### [EXERCISE REQUIREMENTS]
Below are several records. Retype exactly those lines running from the one with "#61=DIRECTION('',(0.,0.,1.));" through the one with "#71=ORIENTED_EDGE('',*,*,#70,.F.);", end lines included, and no others.

[Collected data]
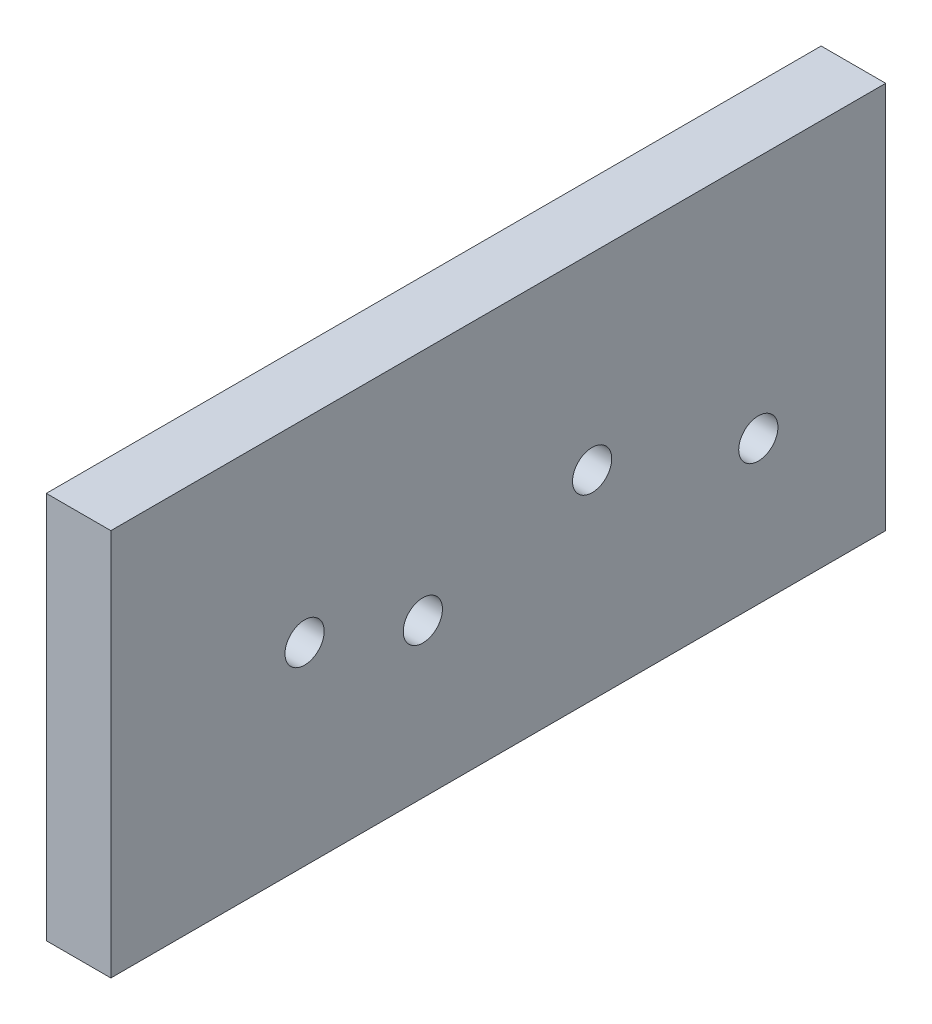
ISO-10303-21;
HEADER;
FILE_DESCRIPTION(('STEP AP214'),'2;1');
FILE_NAME('part.step','',(''),(''),'','','');
FILE_SCHEMA(('AUTOMOTIVE_DESIGN { 1 0 10303 214 1 1 1 1 }'));
ENDSEC;
DATA;
#1=APPLICATION_CONTEXT('core data for automotive mechanical design processes');
#2=APPLICATION_PROTOCOL_DEFINITION('international standard','automotive_design',2000,#1);
#3=PRODUCT_CONTEXT('',#1,'mechanical');
#4=PRODUCT('Part','Part','',(#3));
#5=PRODUCT_RELATED_PRODUCT_CATEGORY('part','',(#4));
#6=PRODUCT_DEFINITION_FORMATION('','',#4);
#7=PRODUCT_DEFINITION_CONTEXT('part definition',#1,'design');
#8=PRODUCT_DEFINITION('design','',#6,#7);
#9=PRODUCT_DEFINITION_SHAPE('','',#8);
#10=(LENGTH_UNIT() NAMED_UNIT(*) SI_UNIT(.MILLI.,.METRE.));
#11=(NAMED_UNIT(*) PLANE_ANGLE_UNIT() SI_UNIT($,.RADIAN.));
#12=(NAMED_UNIT(*) SI_UNIT($,.STERADIAN.) SOLID_ANGLE_UNIT());
#13=UNCERTAINTY_MEASURE_WITH_UNIT(LENGTH_MEASURE(1.E-05),#10,'distance_accuracy_value','');
#14=(GEOMETRIC_REPRESENTATION_CONTEXT(3) GLOBAL_UNCERTAINTY_ASSIGNED_CONTEXT((#13)) GLOBAL_UNIT_ASSIGNED_CONTEXT((#10,
#11,#12)) REPRESENTATION_CONTEXT('',''));
#15=CARTESIAN_POINT('',(0.,0.,0.));
#16=DIRECTION('',(0.,0.,1.));
#17=DIRECTION('',(1.,0.,0.));
#18=AXIS2_PLACEMENT_3D('',#15,#16,#17);
#19=CARTESIAN_POINT('',(12.7,-9.873506971,-51.1434579937716));
#20=DIRECTION('',(-1.,0.,0.));
#21=DIRECTION('',(0.,0.,1.));
#22=AXIS2_PLACEMENT_3D('',#19,#20,#21);
#23=CYLINDRICAL_SURFACE('',#22,3.85455777521835);
#24=CARTESIAN_POINT('',(12.7,-9.873506971,-51.1434579937716));
#25=DIRECTION('',(1.,0.,0.));
#26=DIRECTION('',(0.,0.,-1.));
#27=AXIS2_PLACEMENT_3D('',#24,#25,#26);
#28=CIRCLE('',#27,3.85455777521835);
#29=CARTESIAN_POINT('',(12.7,-9.873506971,-54.99801576899));
#30=VERTEX_POINT('',#29);
#31=EDGE_CURVE('E166',#30,#30,#28,.T.);
#32=ORIENTED_EDGE('',*,*,#31,.T.);
#33=EDGE_LOOP('',(#32));
#34=FACE_BOUND('',#33,.T.);
#35=CARTESIAN_POINT('',(5.08,-9.873506971,-51.1434579937716));
#36=DIRECTION('',(-1.,0.,0.));
#37=DIRECTION('',(0.,0.,1.));
#38=AXIS2_PLACEMENT_3D('',#35,#36,#37);
#39=CIRCLE('',#38,3.85455777521835);
#40=CARTESIAN_POINT('',(5.08,-9.873506971,-47.2889002185533));
#41=VERTEX_POINT('',#40);
#42=EDGE_CURVE('E55',#41,#41,#39,.T.);
#43=ORIENTED_EDGE('',*,*,#42,.T.);
#44=EDGE_LOOP('',(#43));
#45=FACE_BOUND('',#44,.T.);
#46=ADVANCED_FACE('F51',(#34,#45),#23,.F.);
#47=CARTESIAN_POINT('',(12.7,1.096077429,-18.4577335821185));
#48=DIRECTION('',(-1.,0.,0.));
#49=DIRECTION('',(0.,0.,1.));
#50=AXIS2_PLACEMENT_3D('',#47,#48,#49);
#51=CYLINDRICAL_SURFACE('',#50,3.85455777521835);
#52=CARTESIAN_POINT('',(12.7,1.096077429,-18.4577335821185));
#53=DIRECTION('',(1.,0.,0.));
#54=DIRECTION('',(0.,0.,-1.));
#55=AXIS2_PLACEMENT_3D('',#52,#53,#54);
#56=CIRCLE('',#55,3.85455777521835);
#57=CARTESIAN_POINT('',(12.7,1.096077429,-22.3122913573368));
#58=VERTEX_POINT('',#57);
#59=EDGE_CURVE('E162',#58,#58,#56,.T.);
#60=ORIENTED_EDGE('',*,*,#59,.T.);
#61=EDGE_LOOP('',(#60));
#62=FACE_BOUND('',#61,.T.);
#63=CARTESIAN_POINT('',(5.08,1.096077429,-18.4577335821185));
#64=DIRECTION('',(-1.,0.,0.));
#65=DIRECTION('',(0.,0.,1.));
#66=AXIS2_PLACEMENT_3D('',#63,#64,#65);
#67=CIRCLE('',#66,3.85455777521835);
#68=CARTESIAN_POINT('',(5.08,1.096077429,-14.6031758069001));
#69=VERTEX_POINT('',#68);
#70=EDGE_CURVE('E201',#69,#69,#67,.T.);
#71=ORIENTED_EDGE('',*,*,#70,.T.);
#72=EDGE_LOOP('',(#71));
#73=FACE_BOUND('',#72,.T.);
#74=ADVANCED_FACE('F287',(#62,#73),#51,.F.);
#75=CARTESIAN_POINT('',(12.7,0.,38.1));
#76=DIRECTION('',(-1.,0.,0.));
#77=DIRECTION('',(0.,0.,1.));
#78=AXIS2_PLACEMENT_3D('',#75,#76,#77);
#79=CYLINDRICAL_SURFACE('',#78,3.85455777521835);
#80=CARTESIAN_POINT('',(12.7,0.,38.1));
#81=DIRECTION('',(1.,0.,0.));
#82=DIRECTION('',(0.,0.,-1.));
#83=AXIS2_PLACEMENT_3D('',#80,#81,#82);
#84=CIRCLE('',#83,3.85455777521835);
#85=CARTESIAN_POINT('',(12.7,0.,34.2454422247817));
#86=VERTEX_POINT('',#85);
#87=EDGE_CURVE('E158',#86,#86,#84,.T.);
#88=ORIENTED_EDGE('',*,*,#87,.T.);
#89=EDGE_LOOP('',(#88));
#90=FACE_BOUND('',#89,.T.);
#91=CARTESIAN_POINT('',(5.08,0.,38.1));
#92=DIRECTION('',(-1.,0.,0.));
#93=DIRECTION('',(0.,0.,1.));
#94=AXIS2_PLACEMENT_3D('',#91,#92,#93);
#95=CIRCLE('',#94,3.85455777521835);
#96=CARTESIAN_POINT('',(5.08,0.,41.9545577752184));
#97=VERTEX_POINT('',#96);
#98=EDGE_CURVE('E197',#97,#97,#95,.T.);
#99=ORIENTED_EDGE('',*,*,#98,.T.);
#100=EDGE_LOOP('',(#99));
#101=FACE_BOUND('',#100,.T.);
#102=ADVANCED_FACE('F294',(#90,#101),#79,.F.);
#103=CARTESIAN_POINT('',(12.7,-7.860160654,14.8360220129459));
#104=DIRECTION('',(-1.,0.,0.));
#105=DIRECTION('',(0.,0.,1.));
#106=AXIS2_PLACEMENT_3D('',#103,#104,#105);
#107=CYLINDRICAL_SURFACE('',#106,3.85455777521835);
#108=CARTESIAN_POINT('',(12.7,-7.860160654,14.8360220129459));
#109=DIRECTION('',(1.,0.,0.));
#110=DIRECTION('',(0.,0.,-1.));
#111=AXIS2_PLACEMENT_3D('',#108,#109,#110);
#112=CIRCLE('',#111,3.85455777521835);
#113=CARTESIAN_POINT('',(12.7,-7.860160654,10.9814642377276));
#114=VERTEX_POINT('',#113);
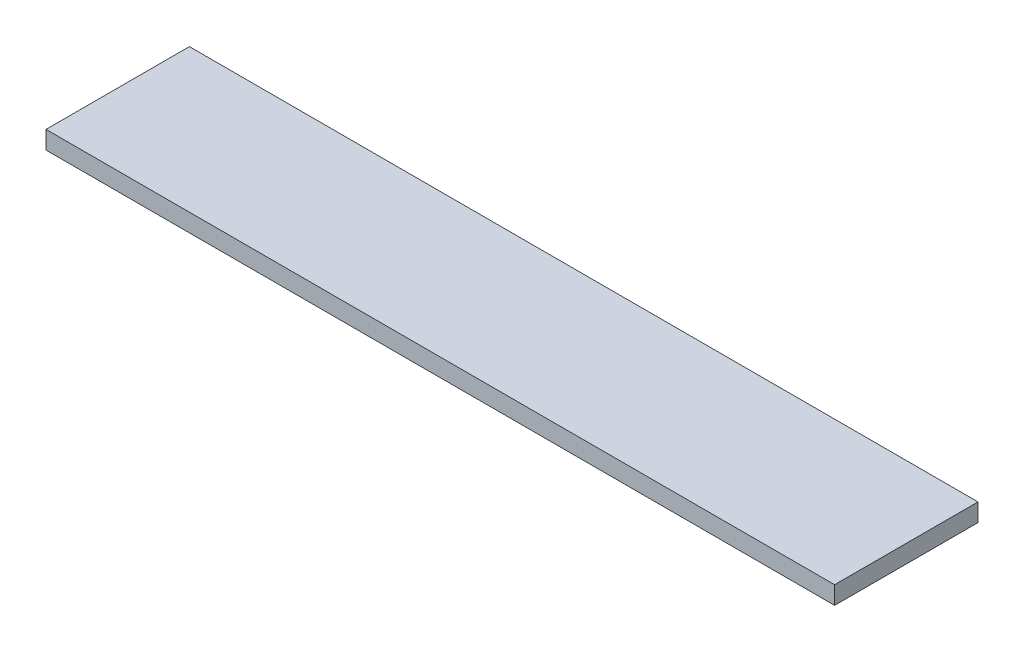
ISO-10303-21;
HEADER;
FILE_DESCRIPTION(('STEP AP214'),'2;1');
FILE_NAME('part.step','',(''),(''),'','','');
FILE_SCHEMA(('AUTOMOTIVE_DESIGN { 1 0 10303 214 1 1 1 1 }'));
ENDSEC;
DATA;
#1=APPLICATION_CONTEXT('core data for automotive mechanical design processes');
#2=APPLICATION_PROTOCOL_DEFINITION('international standard','automotive_design',2000,#1);
#3=PRODUCT_CONTEXT('',#1,'mechanical');
#4=PRODUCT('Part','Part','',(#3));
#5=PRODUCT_RELATED_PRODUCT_CATEGORY('part','',(#4));
#6=PRODUCT_DEFINITION_FORMATION('','',#4);
#7=PRODUCT_DEFINITION_CONTEXT('part definition',#1,'design');
#8=PRODUCT_DEFINITION('design','',#6,#7);
#9=PRODUCT_DEFINITION_SHAPE('','',#8);
#10=(LENGTH_UNIT() NAMED_UNIT(*) SI_UNIT(.MILLI.,.METRE.));
#11=(NAMED_UNIT(*) PLANE_ANGLE_UNIT() SI_UNIT($,.RADIAN.));
#12=(NAMED_UNIT(*) SI_UNIT($,.STERADIAN.) SOLID_ANGLE_UNIT());
#13=UNCERTAINTY_MEASURE_WITH_UNIT(LENGTH_MEASURE(1.E-05),#10,'distance_accuracy_value','');
#14=(GEOMETRIC_REPRESENTATION_CONTEXT(3) GLOBAL_UNCERTAINTY_ASSIGNED_CONTEXT((#13)) GLOBAL_UNIT_ASSIGNED_CONTEXT((#10,
#11,#12)) REPRESENTATION_CONTEXT('',''));
#15=CARTESIAN_POINT('',(0.,0.,0.));
#16=DIRECTION('',(0.,0.,1.));
#17=DIRECTION('',(1.,0.,0.));
#18=AXIS2_PLACEMENT_3D('',#15,#16,#17);
#19=CARTESIAN_POINT('',(130.,460.,-340.));
#20=DIRECTION('',(-1.,0.,0.));
#21=DIRECTION('',(0.,0.,1.));
#22=AXIS2_PLACEMENT_3D('',#19,#20,#21);
#23=PLANE('',#22);
#24=DIRECTION('',(0.,-1.,0.));
#25=VECTOR('',#24,1.);
#26=CARTESIAN_POINT('',(130.,460.,-260.));
#27=LINE('',#26,#25);
#28=CARTESIAN_POINT('',(130.,470.,-260.));
#29=VERTEX_POINT('',#28);
#30=CARTESIAN_POINT('',(130.,460.,-260.));
#31=VERTEX_POINT('',#30);
#32=EDGE_CURVE('E103',#29,#31,#27,.T.);
#33=ORIENTED_EDGE('',*,*,#32,.F.);
#34=DIRECTION('',(0.,0.,1.));
#35=VECTOR('',#34,1.);
#36=CARTESIAN_POINT('',(130.,470.,-340.));
#37=LINE('',#36,#35);
#38=CARTESIAN_POINT('',(130.,470.,-340.));
#39=VERTEX_POINT('',#38);
#40=EDGE_CURVE('E11',#39,#29,#37,.T.);
#41=ORIENTED_EDGE('',*,*,#40,.F.);
#42=DIRECTION('',(0.,-1.,0.));
#43=VECTOR('',#42,1.);
#44=CARTESIAN_POINT('',(130.,460.,-340.));
#45=LINE('',#44,#43);
#46=CARTESIAN_POINT('',(130.,460.,-340.));
#47=VERTEX_POINT('',#46);
#48=EDGE_CURVE('E97',#39,#47,#45,.T.);
#49=ORIENTED_EDGE('',*,*,#48,.T.);
#50=DIRECTION('',(0.,0.,1.));
#51=VECTOR('',#50,1.);
#52=CARTESIAN_POINT('',(130.,460.,-340.));
#53=LINE('',#52,#51);
#54=EDGE_CURVE('E42',#47,#31,#53,.T.);
#55=ORIENTED_EDGE('',*,*,#54,.T.);
#56=EDGE_LOOP('',(#33,#41,#49,#55));
#57=FACE_BOUND('',#56,.T.);
#58=ADVANCED_FACE('F39',(#57),#23,.T.);
#59=CARTESIAN_POINT('',(130.,470.,-340.));
#60=DIRECTION('',(0.,1.,0.));
#61=DIRECTION('',(0.,0.,1.));
#62=AXIS2_PLACEMENT_3D('',#59,#60,#61);
#63=PLANE('',#62);
#64=DIRECTION('',(-1.,0.,0.));
#65=VECTOR('',#64,1.);
#66=CARTESIAN_POINT('',(130.,470.,-260.));
#67=LINE('',#66,#65);
#68=CARTESIAN_POINT('',(570.,470.,-260.));
#69=VERTEX_POINT('',#68);
#70=EDGE_CURVE('E99',#69,#29,#67,.T.);
#71=ORIENTED_EDGE('',*,*,#70,.F.);
#72=DIRECTION('',(0.,0.,1.));
#73=VECTOR('',#72,1.);
#74=CARTESIAN_POINT('',(570.,470.,-340.));
#75=LINE('',#74,#73);
#76=CARTESIAN_POINT('',(570.,470.,-340.));
#77=VERTEX_POINT('',#76);
#78=EDGE_CURVE('E48',#77,#69,#75,.T.);
#79=ORIENTED_EDGE('',*,*,#78,.F.);
#80=DIRECTION('',(-1.,0.,0.));
#81=VECTOR('',#80,1.);
#82=CARTESIAN_POINT('',(130.,470.,-340.));
#83=LINE('',#82,#81);
#84=EDGE_CURVE('E94',#77,#39,#83,.T.);
#85=ORIENTED_EDGE('',*,*,#84,.T.);
#86=ORIENTED_EDGE('',*,*,#40,.T.);
#87=EDGE_LOOP('',(#71,#79,#85,#86));
#88=FACE_BOUND('',#87,.T.);
#89=ADVANCED_FACE('F113',(#88),#63,.T.);
#90=CARTESIAN_POINT('',(570.,460.,-340.));
#91=DIRECTION('',(1.,0.,0.));
#92=DIRECTION('',(0.,0.,-1.));
#93=AXIS2_PLACEMENT_3D('',#90,#91,#92);
#94=PLANE('',#93);
#95=DIRECTION('',(0.,1.,0.));
#96=VECTOR('',#95,1.);
#97=CARTESIAN_POINT('',(570.,460.,-260.));
#98=LINE('',#97,#96);
#99=CARTESIAN_POINT('',(570.,460.,-260.));
#100=VERTEX_POINT('',#99);
#101=EDGE_CURVE('E89',#100,#69,#98,.T.);
#102=ORIENTED_EDGE('',*,*,#101,.F.);
#103=DIRECTION('',(0.,0.,1.));
#104=VECTOR('',#103,1.);
#105=CARTESIAN_POINT('',(570.,460.,-340.));
#106=LINE('',#105,#104);
#107=CARTESIAN_POINT('',(570.,460.,-340.));
#108=VERTEX_POINT('',#107);
#109=EDGE_CURVE('E84',#108,#100,#106,.T.);
#110=ORIENTED_EDGE('',*,*,#109,.F.);
#111=DIRECTION('',(0.,1.,0.));
#112=VECTOR('',#111,1.);
#113=CARTESIAN_POINT('',(570.,460.,-340.));
#114=LINE('',#113,#112);
#115=EDGE_CURVE('E87',#108,#77,#114,.T.);
#116=ORIENTED_EDGE('',*,*,#115,.T.);
#117=ORIENTED_EDGE('',*,*,#78,.T.);
#118=EDGE_LOOP('',(#102,#110,#116,#117));
#119=FACE_BOUND('',#118,.T.);
#120=ADVANCED_FACE('F86',(#119),#94,.T.);
#121=CARTESIAN_POINT('',(130.,460.,-340.));
#122=DIRECTION('',(0.,-1.,0.));
#123=DIRECTION('',(0.,0.,-1.));
#124=AXIS2_PLACEMENT_3D('',#121,#122,#123);
#125=PLANE('',#124);
#126=DIRECTION('',(1.,0.,0.));
#127=VECTOR('',#126,1.);
#128=CARTESIAN_POINT('',(130.,460.,-260.));
#129=LINE('',#128,#127);
#130=EDGE_CURVE('E106',#31,#100,#129,.T.);
#131=ORIENTED_EDGE('',*,*,#130,.F.);
#132=ORIENTED_EDGE('',*,*,#54,.F.);
#133=DIRECTION('',(1.,0.,0.));
#134=VECTOR('',#133,1.);
#135=CARTESIAN_POINT('',(130.,460.,-340.));
#136=LINE('',#135,#134);
#137=EDGE_CURVE('E93',#47,#108,#136,.T.);
#138=ORIENTED_EDGE('',*,*,#137,.T.);
#139=ORIENTED_EDGE('',*,*,#109,.T.);
#140=EDGE_LOOP('',(#131,#132,#138,#139));
#141=FACE_BOUND('',#140,.T.);
#142=ADVANCED_FACE('F96',(#141),#125,.T.);
#143=CARTESIAN_POINT('',(0.,0.,-340.));
#144=DIRECTION('',(0.,0.,-1.));
#145=DIRECTION('',(-1.,0.,0.));
#146=AXIS2_PLACEMENT_3D('',#143,#144,#145);
#147=PLANE('',#146);
#148=ORIENTED_EDGE('',*,*,#48,.F.);
#149=ORIENTED_EDGE('',*,*,#84,.F.);
#150=ORIENTED_EDGE('',*,*,#115,.F.);
#151=ORIENTED_EDGE('',*,*,#137,.F.);
#152=EDGE_LOOP('',(#148,#149,#150,#151));
#153=FACE_BOUND('',#152,.T.);
#154=ADVANCED_FACE('F92',(#153),#147,.T.);
#155=CARTESIAN_POINT('',(0.,0.,-260.));
#156=DIRECTION('',(0.,0.,-1.));
#157=DIRECTION('',(-1.,0.,0.));
#158=AXIS2_PLACEMENT_3D('',#155,#156,#157);
#159=PLANE('',#158);
#160=ORIENTED_EDGE('',*,*,#32,.T.);
#161=ORIENTED_EDGE('',*,*,#130,.T.);
#162=ORIENTED_EDGE('',*,*,#101,.T.);
#163=ORIENTED_EDGE('',*,*,#70,.T.);
#164=EDGE_LOOP('',(#160,#161,#162,#163));
#165=FACE_BOUND('',#164,.T.);
#166=ADVANCED_FACE('F112',(#165),#159,.F.);
#167=CLOSED_SHELL('',(#58,#89,#120,#142,#154,#166));
#168=MANIFOLD_SOLID_BREP('B2',#167);
#169=ADVANCED_BREP_SHAPE_REPRESENTATION('',(#18,#168),#14);
#170=SHAPE_DEFINITION_REPRESENTATION(#9,#169);
ENDSEC;
END-ISO-10303-21;

### [RESPONSE AREA]
#61=DIRECTION('',(0.,0.,1.));
#62=AXIS2_PLACEMENT_3D('',#59,#60,#61);
#63=PLANE('',#62);
#64=DIRECTION('',(-1.,0.,0.));
#65=VECTOR('',#64,1.);
#66=CARTESIAN_POINT('',(130.,470.,-260.));
#67=LINE('',#66,#65);
#68=CARTESIAN_POINT('',(570.,470.,-260.));
#69=VERTEX_POINT('',#68);
#70=EDGE_CURVE('E99',#69,#29,#67,.T.);
#71=ORIENTED_EDGE('',*,*,#70,.F.);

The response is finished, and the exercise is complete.